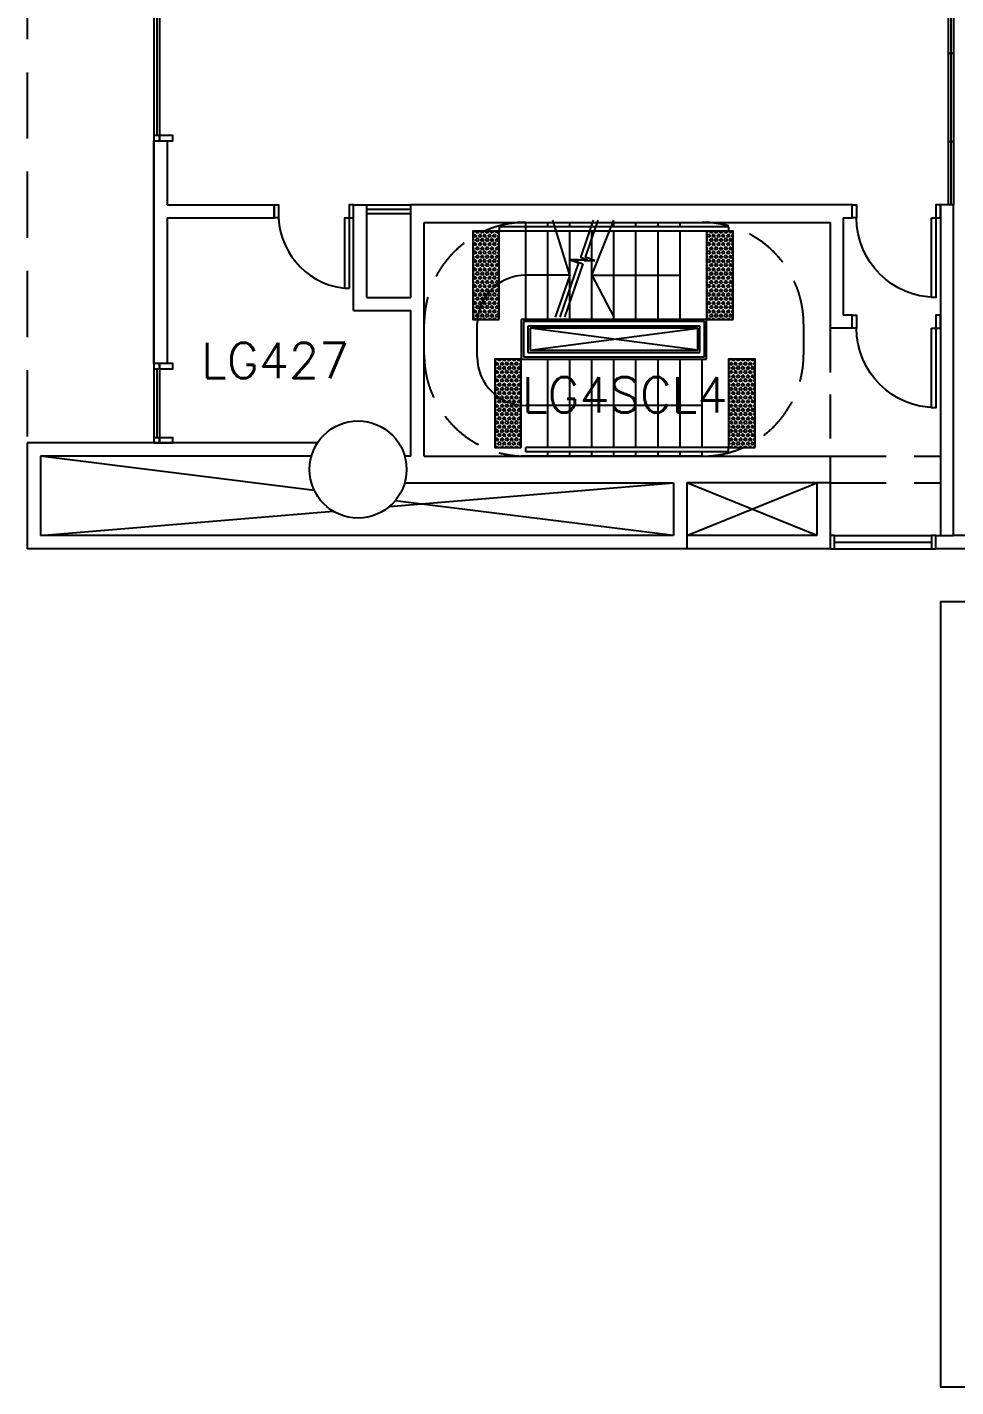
# Model space of a CAD drawing. Extents: x -163002 to 22103, y -98847 to 51643.
# Drawn here: x -132750 to -122225, y 5405 to 20812 of the extents above; entities that cross this region are included whole.
import ezdxf

# ---------------------------------------------------------------- set-up
doc = ezdxf.new("R2010")
doc.units = 0
doc.header["$LTSCALE"] = 1000
doc.header["$MEASUREMENT"] = 0
doc.linetypes.add('S2108a$0$HIDDEN', pattern=[0.375, 0.25, -0.125])
doc.linetypes.add('S2108a$0$LG3plan$0$HIDDEN', pattern=[9.524999999999999, 6.35, -3.175])
doc.layers.get('0').update_dxf_attribs({"linetype": 'CONTINUOUS'})
for name, color, linetype in [('S2108a$0$A-glaz', 1, 'CONTINUOUS'), ('S2108a$0$buila', 14, 'S2108a$0$HIDDEN'), ('S2108a$0$dr', 1, 'CONTINUOUS'), ('S2108a$0$fence', 1, 'CONTINUOUS'), ('S2108a$0$glass-w', 1, 'CONTINUOUS'), ('S2108a$0$LG3plan$0$txt2', 4, 'CONTINUOUS'), ('S2108a$0$LG3plan$0$wal', 3, 'CONTINUOUS'), ('S2108a$0$LG3plan$0$walc', 1, 'CONTINUOUS'), ('S2108a$0$LG4plan$0$dr', 1, 'CONTINUOUS'), ('S2108a$0$ROOM-NO', 4, 'CONTINUOUS'), ('S2108a$0$stair', 1, 'CONTINUOUS'), ('S2108a$0$stru', 2, 'CONTINUOUS'), ('S2108a$0$tactile', 4, 'CONTINUOUS'), ('S2108a$0$txt2', 4, 'CONTINUOUS'), ('S2108a$0$wal', 3, 'CONTINUOUS'), ('S2108a$0$walc', 1, 'CONTINUOUS')]:
    doc.layers.add(name, color=color, linetype=linetype)
doc.styles.add('S2108a$0$STANDARD', font='SIMPLEX')

# ---------------------------------------------------------------- blocks, each defined once
blk = doc.blocks.new('S2108a$0$d900')
at = {"layer": 'S2108a$0$dr', "linetype": 'Continuous'}
for points in [[(-113866.8388767019, -86405.51010692862), (-113866.8388767019, -86355.51010692862), (-114766.8388767019, -86355.51010692862), (-114766.8388767019, -86405.51010692862)], [(-113716.8388767019, -86305.51010692862), (-113716.8388767019, -86355.51010692862), (-113866.8388767019, -86355.51010692862), (-113866.8388767019, -86305.51010692862)]]:
    blk.add_lwpolyline(points, close=True, dxfattribs=at)
blk.add_arc((-113866.8388767019, -86355.51010692862), 900, 180, 270, dxfattribs=at)
blk = doc.blocks.new('S2108a$0$LG4plan$0$d900')
at = {"layer": 'S2108a$0$LG4plan$0$dr', "linetype": 'Continuous'}
for points in [[(-113866.8388767019, -86405.51010692862), (-113866.8388767019, -86355.51010692862), (-114766.8388767019, -86355.51010692862), (-114766.8388767019, -86405.51010692862)], [(-113716.8388767019, -86305.51010692862), (-113716.8388767019, -86355.51010692862), (-113866.8388767019, -86355.51010692862), (-113866.8388767019, -86305.51010692862)]]:
    blk.add_lwpolyline(points, close=True, dxfattribs=at)
blk.add_arc((-113866.8388767019, -86355.51010692862), 900, 180, 270, dxfattribs=at)
blk = doc.blocks.new('S2108a')
at = {"layer": 'S2108a$0$tactile'}
h = blk.add_hatch(dxfattribs=at)
h.set_pattern_fill('HEX', color=9, scale=5, angle=90, style=0)
h.set_pattern_definition([(90, (-114709.2150038014, 121833.6689056564), (-27.4963, 1.683607184330311e-15), [15.875, -31.75]), (210, (-114709.2150038014, 121833.6689056564), (13.74814999999999, -23.81249431007806), [15.87499999999999, -31.74999999999998]), (150, (-114709.2150038014, 121849.5439056564), (-13.74815, -23.81249431007806), [15.875, -31.75])])
h.paths.add_polyline_path([(-127399.9000307913, 17500.10000000164), (-127399.9000307913, 18500.10000000164), (-127699.9000307913, 18500.10000000164), (-127699.9000307913, 17500.10000000164)])
h = blk.add_hatch(dxfattribs=at)
h.set_pattern_fill('HEX', color=9, scale=5, angle=90, style=0)
h.set_pattern_definition([(90, (-112059.2150038014, 121833.6689056564), (-27.4963, 1.683607184330311e-15), [15.875, -31.75]), (210, (-112059.2150038014, 121833.6689056564), (13.74814999999999, -23.81249431007806), [15.87499999999999, -31.74999999999998]), (150, (-112059.2150038014, 121849.5439056564), (-13.74815, -23.81249431007806), [15.875, -31.75])])
h.paths.add_polyline_path([(-124749.9000307913, 17500.10000000161), (-124749.9000307913, 18500.10000000161), (-125049.9000307913, 18500.10000000161), (-125049.9000307913, 17500.10000000161)])
h = blk.add_hatch(dxfattribs=at)
h.set_pattern_fill('HEX', color=9, scale=5, angle=90, style=0)
h.set_pattern_definition([(90, (-114459.2150038014, 120383.6689056564), (-27.4963, 1.683607184330311e-15), [15.875, -31.75]), (210, (-114459.2150038014, 120383.6689056564), (13.74814999999999, -23.81249431007806), [15.87499999999999, -31.74999999999998]), (150, (-114459.2150038014, 120399.5439056564), (-13.74815, -23.81249431007806), [15.875, -31.75])])
h.paths.add_polyline_path([(-127149.9000307913, 16050.10000000161), (-127149.9000307913, 17050.10000000161), (-127449.9000307913, 17050.10000000161), (-127449.9000307913, 16050.10000000161)])
h = blk.add_hatch(dxfattribs=at)
h.set_pattern_fill('HEX', color=9, scale=5, angle=90, style=0)
h.set_pattern_definition([(90, (-111809.2150038015, 120383.6689148938), (-27.4963, 1.683607184330311e-15), [15.875, -31.75]), (210, (-111809.2150038015, 120383.6689148938), (13.74814999999999, -23.81249431007806), [15.87499999999999, -31.74999999999998]), (150, (-111809.2150038015, 120399.5439148938), (-13.74815, -23.81249431007806), [15.875, -31.75])])
h.paths.add_polyline_path([(-124499.9000307914, 16050.10000923904), (-124499.9000307914, 17050.10000923904), (-124799.9000307914, 17050.10000923904), (-124799.9000307914, 16050.10000923904)])
at = {"layer": 'S2108a$0$A-glaz'}
for p, q in [((-122309.799939835, 25580.09997920657), (-122309.7999398351, 18800.19984444101)), ((-122279.7999398349, 25520.19984289576), (-122279.7999398351, 18800.19984366837)), ((-122249.7999402828, 25520.09997962186), (-122249.7998430879, 18800.19984289572)), ((-122249.799939835, 20513.99835955954), (-122309.799939835, 20513.99835955954)), ((-122249.799939835, 19513.99835955954), (-122309.799939835, 19513.99835955954)), ((-123600.5009826159, 15050.10000000002), (-122500.5009826159, 15050.10000241275)), ((-123600.5009826159, 14975.10000000002), (-122500.5009826159, 14975.10000241275)), ((-123600.5009826159, 14900.10000000005), (-122500.5009826159, 14900.10000241275))]:
    blk.add_line(p, q, dxfattribs=at)
for points in [[(-123650.5009826159, 14900.10000000002), (-123600.5009826159, 14900.10000000002), (-123600.5009826159, 15050.10000000002), (-123650.5009826159, 15050.10000000002)], [(-122500.5009826159, 14900.10000241275), (-122450.5009826159, 14900.10000241275), (-122450.5009826159, 15050.10000241275), (-122500.5009826159, 15050.10000241275)]]:
    blk.add_lwpolyline(points, close=True, dxfattribs=at)
at = {"layer": 'S2108a$0$buila', "ltscale": 3}
blk.add_line((-132749.9, 36050.10000000001), (-132749.9, 16100.10015710574), dxfattribs=at)
at = {"layer": 'S2108a$0$dr'}
for p, q in [((-127399.9000307913, 18550.10000000163), (-127399.9000307913, 18500.10000000163)), ((-124799.9000307913, 18550.10000000163), (-124799.9000307913, 18500.10000000163)), ((-127099.9000013996, 16000.10002822702), (-127099.9000013996, 16050.10002822701)), ((-124799.9, 16000.10002822702), (-124799.9, 16050.10002822702))]:
    blk.add_line(p, q, dxfattribs=at)
at = {"layer": 'S2108a$0$dr', "linetype": 'Continuous'}
blk.add_line((-129099.9015270269, 17850.29766665402), (-129149.9015270269, 17850.29766665402), dxfattribs=at)
at = {"layer": 'S2108a$0$dr', "linetype": 'S2108a$0$HIDDEN', "ltscale": 2}
for q in [(-123949.9000615363, 17100.47620957405), (-123949.90006149, 17100.85251591904)]:
    blk.add_line((-123949.900030745, 17450.47616470679), q, dxfattribs=at)
at = {"layer": 'S2108a$0$dr', "linetype": 'Continuous'}
for points in [[(-129949.9015270269, 18800.29772757463), (-129899.9015270269, 18800.29772757463), (-129899.9015270269, 18650.29772757463), (-129949.9015270269, 18650.29772757463)], [(-129949.9015270269, 18800.29772757463), (-129899.9015270269, 18800.29772757463), (-129899.9015270269, 18650.29772757463), (-129949.9015270269, 18650.29772757463)], [(-129049.9015270269, 18800.29766665401), (-129099.9015270269, 18800.29766665401), (-129099.9015270269, 18650.29766665401), (-129049.9015270269, 18650.29766665401)], [(-123399.8996573727, 18800.09987941325), (-123349.8996573727, 18800.09987941336), (-123349.8996573723, 18650.09987941336), (-123399.8996573723, 18650.09987941325)], [(-123399.9001827092, 17550.10003261134), (-123349.9001827092, 17550.10003261134), (-123349.9001827092, 17400.10003261134), (-123399.9001827092, 17400.10003261134)]]:
    blk.add_lwpolyline(points, close=True, dxfattribs=at)
blk.add_lwpolyline([(-129149.9015270269, 17850.29766665402), (-129149.9015270269, 18650.29766665401), (-129099.9015270269, 18650.29766665401), (-129099.9015270269, 17850.29766665402)], dxfattribs=at)
at = {"layer": 'S2108a$0$dr', "linetype": 'S2108a$0$HIDDEN', "ltscale": 2}
blk.add_lwpolyline([(-123649.8998174926, 17400.10006780141), (-123649.8998174926, 15950.1), (-123649.8998174926, 15950.1)], dxfattribs=at)
at = {"layer": 'S2108a$0$dr', "linetype": 'Continuous'}
for centre, radius, start, end in [((-129062.5343455841, 18687.66484523762), 838.2005118216093, 182.555102129911, 267.444893486049), ((-129062.5328226534, 18687.66484114147), 838.2020330557056, 182.5550972093965, 267.4448984066027)]:
    blk.add_arc(centre, radius, start, end, dxfattribs=at)
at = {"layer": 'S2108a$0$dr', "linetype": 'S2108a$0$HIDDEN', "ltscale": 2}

***

**Activity**
Leaving every picture out, write out exactly the lines from the beginning of the listing above to the line with "doc.styles.add('S2108a$0$STANDARD', font='SIMPLEX')", inclusive.

**The completed task**
# Model space of a CAD drawing. Extents: x -163002 to 22103, y -98847 to 51643.
# Drawn here: x -132750 to -122225, y 5405 to 20812 of the extents above; entities that cross this region are included whole.
import ezdxf

# ---------------------------------------------------------------- set-up
doc = ezdxf.new("R2010")
doc.units = 0
doc.header["$LTSCALE"] = 1000
doc.header["$MEASUREMENT"] = 0
doc.linetypes.add('S2108a$0$HIDDEN', pattern=[0.375, 0.25, -0.125])
doc.linetypes.add('S2108a$0$LG3plan$0$HIDDEN', pattern=[9.524999999999999, 6.35, -3.175])
doc.layers.get('0').update_dxf_attribs({"linetype": 'CONTINUOUS'})
for name, color, linetype in [('S2108a$0$A-glaz', 1, 'CONTINUOUS'), ('S2108a$0$buila', 14, 'S2108a$0$HIDDEN'), ('S2108a$0$dr', 1, 'CONTINUOUS'), ('S2108a$0$fence', 1, 'CONTINUOUS'), ('S2108a$0$glass-w', 1, 'CONTINUOUS'), ('S2108a$0$LG3plan$0$txt2', 4, 'CONTINUOUS'), ('S2108a$0$LG3plan$0$wal', 3, 'CONTINUOUS'), ('S2108a$0$LG3plan$0$walc', 1, 'CONTINUOUS'), ('S2108a$0$LG4plan$0$dr', 1, 'CONTINUOUS'), ('S2108a$0$ROOM-NO', 4, 'CONTINUOUS'), ('S2108a$0$stair', 1, 'CONTINUOUS'), ('S2108a$0$stru', 2, 'CONTINUOUS'), ('S2108a$0$tactile', 4, 'CONTINUOUS'), ('S2108a$0$txt2', 4, 'CONTINUOUS'), ('S2108a$0$wal', 3, 'CONTINUOUS'), ('S2108a$0$walc', 1, 'CONTINUOUS')]:
    doc.layers.add(name, color=color, linetype=linetype)
doc.styles.add('S2108a$0$STANDARD', font='SIMPLEX')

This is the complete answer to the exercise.